Job: A Comedy of Justice (1984) is a novel by Robert A. Heinlein, satirizing various notions of Heaven, Hell, deities and the destiny of Humanity. The novel's name invokes the biblical story of Job, and the satire Jurgen, A Comedy of Justice by James Branch Cabell.

Quotes[edit]

Did something happen to me like that which Mr. Wells described in Men Like Gods?
I was utterly confused. A stranger in a strange land, I was overcome by customs new and shocking.
I do not think, in retrospect, that I would have made my condition worse had I simply blurted out my predicament. I would not have been believed.
At Ragnarok the world as we know it will be destroyed. But that is not the end...
Nothing is ever finished, nothing is ever perfect, but over and over again the race of men gets another chance to do better than last time, ever and again without end.
I am sorry... but I do believe that Loki is loose. The signs show it. Now anything can happen...
I have never lied to you. I've had to hold back some things until I was free to speak, that's all...
I have powers that you can't imagine.

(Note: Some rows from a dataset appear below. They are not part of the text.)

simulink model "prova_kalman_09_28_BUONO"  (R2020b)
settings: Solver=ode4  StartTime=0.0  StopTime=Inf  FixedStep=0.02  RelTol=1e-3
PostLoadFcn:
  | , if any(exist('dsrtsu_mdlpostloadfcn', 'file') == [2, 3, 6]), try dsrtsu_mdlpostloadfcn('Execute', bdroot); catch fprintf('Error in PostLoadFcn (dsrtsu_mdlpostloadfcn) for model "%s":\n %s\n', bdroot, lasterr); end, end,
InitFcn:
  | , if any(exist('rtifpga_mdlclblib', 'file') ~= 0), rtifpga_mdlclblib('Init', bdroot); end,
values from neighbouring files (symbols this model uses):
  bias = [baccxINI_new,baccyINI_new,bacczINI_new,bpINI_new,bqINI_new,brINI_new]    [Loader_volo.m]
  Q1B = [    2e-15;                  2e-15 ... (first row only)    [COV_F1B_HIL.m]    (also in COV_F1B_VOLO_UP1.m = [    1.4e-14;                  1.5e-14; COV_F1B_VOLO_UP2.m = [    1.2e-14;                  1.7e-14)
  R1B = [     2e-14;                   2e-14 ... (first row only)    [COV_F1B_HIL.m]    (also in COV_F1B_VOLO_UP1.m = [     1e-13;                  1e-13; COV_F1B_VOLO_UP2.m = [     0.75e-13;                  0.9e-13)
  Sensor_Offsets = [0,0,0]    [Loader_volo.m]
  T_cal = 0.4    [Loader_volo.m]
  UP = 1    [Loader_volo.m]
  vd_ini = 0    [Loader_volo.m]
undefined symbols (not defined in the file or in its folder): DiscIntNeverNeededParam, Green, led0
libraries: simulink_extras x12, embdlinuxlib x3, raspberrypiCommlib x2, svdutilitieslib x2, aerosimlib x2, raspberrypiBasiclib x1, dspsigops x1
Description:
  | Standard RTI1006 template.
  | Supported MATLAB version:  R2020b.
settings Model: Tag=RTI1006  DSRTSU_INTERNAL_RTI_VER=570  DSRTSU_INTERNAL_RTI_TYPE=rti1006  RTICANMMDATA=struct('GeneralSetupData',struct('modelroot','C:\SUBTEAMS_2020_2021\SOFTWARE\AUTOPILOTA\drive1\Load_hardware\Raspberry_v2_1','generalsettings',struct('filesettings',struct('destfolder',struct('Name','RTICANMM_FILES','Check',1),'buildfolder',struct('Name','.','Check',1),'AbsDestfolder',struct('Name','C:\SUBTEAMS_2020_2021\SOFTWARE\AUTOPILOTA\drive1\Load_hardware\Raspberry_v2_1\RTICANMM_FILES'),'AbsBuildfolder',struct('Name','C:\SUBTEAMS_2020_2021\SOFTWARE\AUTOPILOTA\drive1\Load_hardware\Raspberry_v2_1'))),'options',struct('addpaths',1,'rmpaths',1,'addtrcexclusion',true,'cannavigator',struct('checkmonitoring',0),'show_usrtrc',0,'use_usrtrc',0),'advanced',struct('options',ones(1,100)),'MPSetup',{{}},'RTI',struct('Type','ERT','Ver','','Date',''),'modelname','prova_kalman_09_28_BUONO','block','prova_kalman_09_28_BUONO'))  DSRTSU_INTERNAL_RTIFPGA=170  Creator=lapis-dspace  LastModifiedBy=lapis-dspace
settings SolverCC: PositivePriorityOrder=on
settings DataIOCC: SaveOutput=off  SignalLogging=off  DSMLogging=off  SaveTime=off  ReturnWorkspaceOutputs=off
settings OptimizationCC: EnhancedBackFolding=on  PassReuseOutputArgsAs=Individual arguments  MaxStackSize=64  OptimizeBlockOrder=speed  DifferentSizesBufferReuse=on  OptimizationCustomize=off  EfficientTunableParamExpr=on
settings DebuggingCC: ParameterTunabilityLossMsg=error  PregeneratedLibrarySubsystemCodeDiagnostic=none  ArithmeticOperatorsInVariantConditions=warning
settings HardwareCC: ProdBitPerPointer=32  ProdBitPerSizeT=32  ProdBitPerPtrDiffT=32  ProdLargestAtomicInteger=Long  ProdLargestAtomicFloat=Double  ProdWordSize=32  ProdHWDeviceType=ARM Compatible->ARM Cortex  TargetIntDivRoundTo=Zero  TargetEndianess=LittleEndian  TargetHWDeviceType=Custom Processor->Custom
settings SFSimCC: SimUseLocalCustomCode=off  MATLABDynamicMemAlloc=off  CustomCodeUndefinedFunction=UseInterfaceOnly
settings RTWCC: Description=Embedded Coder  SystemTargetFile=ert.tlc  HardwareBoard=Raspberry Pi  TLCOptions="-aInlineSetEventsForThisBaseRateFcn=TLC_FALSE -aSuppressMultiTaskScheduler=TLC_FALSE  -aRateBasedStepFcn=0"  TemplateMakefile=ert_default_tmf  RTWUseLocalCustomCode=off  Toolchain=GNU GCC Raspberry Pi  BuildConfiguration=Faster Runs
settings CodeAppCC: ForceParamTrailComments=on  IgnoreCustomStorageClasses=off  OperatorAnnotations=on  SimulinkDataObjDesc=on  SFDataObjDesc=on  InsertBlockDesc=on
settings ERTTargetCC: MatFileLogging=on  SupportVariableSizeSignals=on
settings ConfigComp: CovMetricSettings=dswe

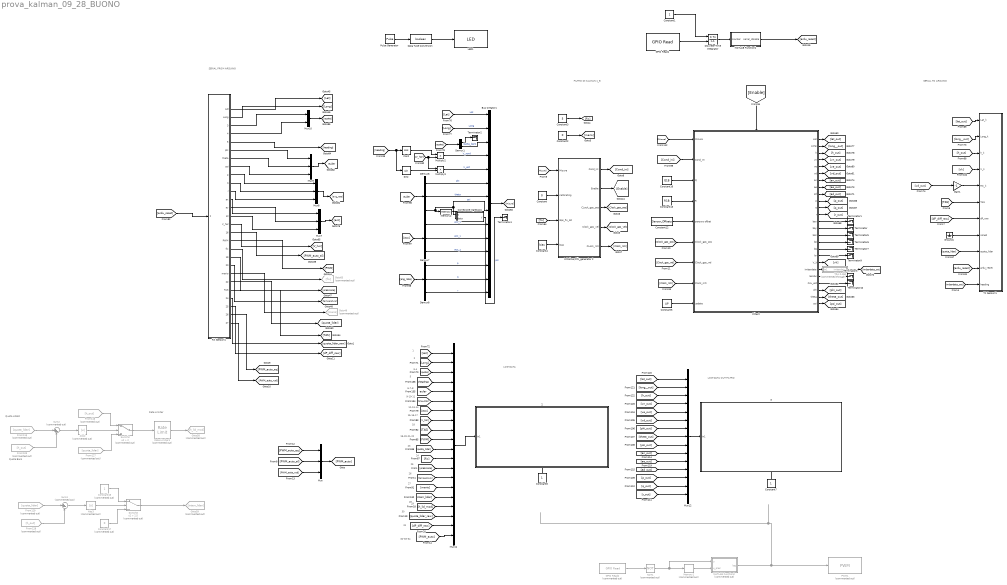
== system prova_kalman_09_28_BUONO ==
  note: 32-33-34
  note: 31
  note: 30
  note: 29
  note: 28
  note: 27
  note: 26
  note: 25
  note: 24
  note: 23
  note: 19-20-21-22
  note: 18
  note: 15-16-17
  note: 12-13-14
  note: 9-10-11
  note: 6-7-8
  note: 5
  note: 3-4
  note: 1
  note: SERIAL FROM ARDUINO
  note: LOG-DATA
  note: SERIAL TO ARDUINO
  note: LOG-DATA OUT FILTRO
  note: FILTRO DI KALMAN 1_B
  note: Rate Limiter
  note: Quota Baro
  note: Quota LIDAR
  note: 2
  " 2" : Subsystem
  " 3" : Subsystem
  Abs2 : Abs  Commented=on
  Abs3 : Abs  Commented=on
  Bus Creator1 : BusCreator  Inputs=14
  Constant : Constant  Value=0
  Constant1 : Constant  SampleTime=0.02
  Constant12 : Constant  Value=Sensor_Offsets
  Constant13 : Constant  Value=R1B
  Constant15 : Constant  Commented=on
  Constant16 : Constant  Value=Q1B
  Constant17 : Constant  Commented=on  Value=0
  Constant2 : Constant  Value=0
  Constant3 : Constant  Value=5
  Constant4 : Constant  Value=bias
  Constant5 : Constant  Value=UP
  Constant6 : Constant
  Constant7 : Constant
  Correzione ingresso1 : MATLAB Function  TreatAsAtomicUnit=on
  Cos2 : Trigonometry  Operator=cos
  Data Type Conversion : DataTypeConversion  OutDataTypeStr=boolean
  Demux1 : Demux  Outputs=2
  Demux6 : Demux  Outputs=3
  Demux7 : Demux  Outputs=3
  Demux8 : Demux  Outputs=3
  Discrete-Time Integrator : DiscreteIntegrator  ExternalReset=falling  SampleTime=0.02  LimitOutput=on  UpperSaturationLimit=1  LowerSaturationLimit=0  ICPrevOutput=DiscIntNeverNeededParam  ICPrevScaledInput=DiscIntNeverNeededParam
  Filter2 : Subsystem
  From103 : From  Commented=on  GotoTag=h_out
  From113 : From  Commented=on  GotoTag=quota_lidar
  From116 : From  Commented=on  GotoTag=h_out
  From127 : From  Commented=on  GotoTag=quota_lidar
  From128 : From  Commented=on  GotoTag=h_out
  From129 : From  Commented=on  GotoTag=quota_lidar
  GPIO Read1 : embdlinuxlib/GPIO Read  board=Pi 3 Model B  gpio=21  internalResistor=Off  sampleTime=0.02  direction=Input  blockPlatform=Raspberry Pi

I have limitations that you cannot imagine, too...
Somebody should tell all of Yahweh's followers, Jews and Christians, that there is no such thing as a free lunch.
I am about to take you in to see — no, for you to be seen by — an Entity who is to me, and to my brother your god Yahweh, as Yahweh is to you...
The Chairman, whatever He or It or She may be, had reached into my mind with some sort of hypnosis to create an ambience in which I could relax.
Oy! Every prophecy I fulfilled! And now He tells me consistent I am not! This is justice?
  • The Authority — his name was Cheevers — had been annoying me ever since I had joined the ship. I leaned forward and said quietly into his ear, "If those children walk through the fire, do you have the guts to do likewise?"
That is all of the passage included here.